■ **What to do**:
Reproduce every entry exactly and leave its pictures out.

■ **The data**:
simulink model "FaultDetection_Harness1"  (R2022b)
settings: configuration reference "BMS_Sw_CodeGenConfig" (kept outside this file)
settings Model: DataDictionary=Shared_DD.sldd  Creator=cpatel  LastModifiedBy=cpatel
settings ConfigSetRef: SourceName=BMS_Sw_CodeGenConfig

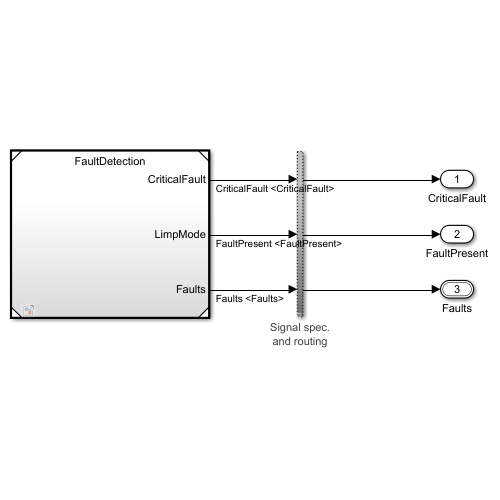
[thumbnail: Simulink's stored preview of the top-level diagram]
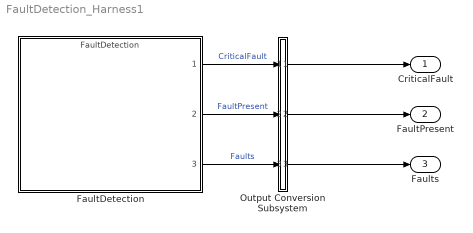
== system FaultDetection_Harness1 ==
  FaultDetection : ModelReference  ModelNameDialog=FaultDetection  SimulationMode=Normal  ModelReferenceVersion=5.25
  Output Conversion Subsystem : Subsystem  Tag=__SLT_OCS__  Description=|
      | Signal spec.
      | and routing
      settings: AttributesFormatString=%<Description>
  CriticalFault : Outport
  FaultPresent : Outport  Port=2
  Faults : Outport  Port=3  OutDataTypeStr=Bus: Faults
  wires:
  FaultDetection/1 -> Output Conversion Subsystem/1(Inport_1)  "CriticalFault"
  FaultDetection/2 -> Output Conversion Subsystem/2(Inport_2)  "FaultPresent"
  FaultDetection/3 -> Output Conversion Subsystem/3(Inport_3)  "Faults"
  Output Conversion Subsystem/3(Outport_3) -> Faults/1
  Output Conversion Subsystem/2(Outport_2) -> FaultPresent/1
  Output Conversion Subsystem/1(Outport_1) -> CriticalFault/1

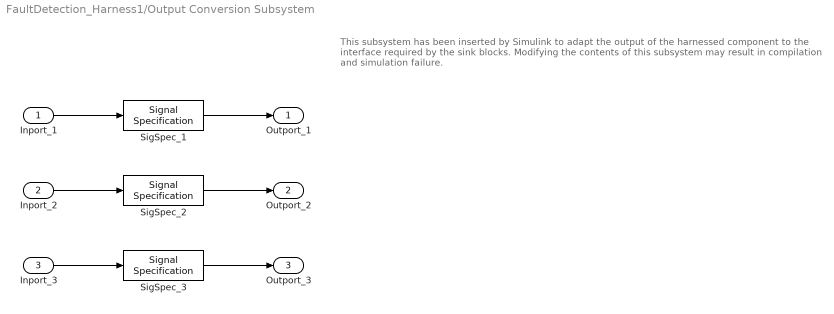
== system FaultDetection_Harness1/Output Conversion Subsystem ==
  note: This subsystem has been inserted by Simulink to adapt the output of the harnessed component to the interface required by the sink blocks.
      |  Modifying the contents of this subsystem may result in compilation and simulation failure.
  Inport_1 : Inport
  Inport_2 : Inport  Port=2
  Inport_3 : Inport  Port=3
  SigSpec_1 : SignalSpecification  OutDataTypeStr=boolean  Dimensions=[1]  SampleTime=180
  SigSpec_2 : SignalSpecification  OutDataTypeStr=boolean  Dimensions=[1]  SampleTime=180
  SigSpec_3 : SignalSpecification  OutDataTypeStr=Bus: Faults  Dimensions=[1]  SampleTime=180  BusOutputAsStruct=on
  Outport_1 : Outport
  Outport_2 : Outport  Port=2
  Outport_3 : Outport  Port=3
  wires:
  Inport_1/1 -> SigSpec_1/1
  SigSpec_1/1 -> Outport_1/1
  Inport_2/1 -> SigSpec_2/1
  SigSpec_2/1 -> Outport_2/1
  Inport_3/1 -> SigSpec_3/1
  SigSpec_3/1 -> Outport_3/1

■ **Response to this task**:
simulink model "FaultDetection_Harness1"  (R2022b)
settings: configuration reference "BMS_Sw_CodeGenConfig" (kept outside this file)
settings Model: DataDictionary=Shared_DD.sldd  Creator=cpatel  LastModifiedBy=cpatel
settings ConfigSetRef: SourceName=BMS_Sw_CodeGenConfig

[thumbnail: Simulink's stored preview of the top-level diagram]
== system FaultDetection_Harness1 ==
  FaultDetection : ModelReference  ModelNameDialog=FaultDetection  SimulationMode=Normal  ModelReferenceVersion=5.25
  Output Conversion Subsystem : Subsystem  Tag=__SLT_OCS__  Description=|
      | Signal spec.
      | and routing
      settings: AttributesFormatString=%<Description>
  CriticalFault : Outport
  FaultPresent : Outport  Port=2
  Faults : Outport  Port=3  OutDataTypeStr=Bus: Faults
  wires:
  FaultDetection/1 -> Output Conversion Subsystem/1(Inport_1)  "CriticalFault"
  FaultDetection/2 -> Output Conversion Subsystem/2(Inport_2)  "FaultPresent"
  FaultDetection/3 -> Output Conversion Subsystem/3(Inport_3)  "Faults"
  Output Conversion Subsystem/3(Outport_3) -> Faults/1
  Output Conversion Subsystem/2(Outport_2) -> FaultPresent/1
  Output Conversion Subsystem/1(Outport_1) -> CriticalFault/1

== system FaultDetection_Harness1/Output Conversion Subsystem ==
  note: This subsystem has been inserted by Simulink to adapt the output of the harnessed component to the interface required by the sink blocks.
      |  Modifying the contents of this subsystem may result in compilation and simulation failure.
  Inport_1 : Inport
  Inport_2 : Inport  Port=2
  Inport_3 : Inport  Port=3
  SigSpec_1 : SignalSpecification  OutDataTypeStr=boolean  Dimensions=[1]  SampleTime=180
  SigSpec_2 : SignalSpecification  OutDataTypeStr=boolean  Dimensions=[1]  SampleTime=180
  SigSpec_3 : SignalSpecification  OutDataTypeStr=Bus: Faults  Dimensions=[1]  SampleTime=180  BusOutputAsStruct=on
  Outport_1 : Outport
  Outport_2 : Outport  Port=2
  Outport_3 : Outport  Port=3
  wires:
  Inport_1/1 -> SigSpec_1/1
  SigSpec_1/1 -> Outport_1/1
  Inport_2/1 -> SigSpec_2/1
  SigSpec_2/1 -> Outport_2/1
  Inport_3/1 -> SigSpec_3/1
  SigSpec_3/1 -> Outport_3/1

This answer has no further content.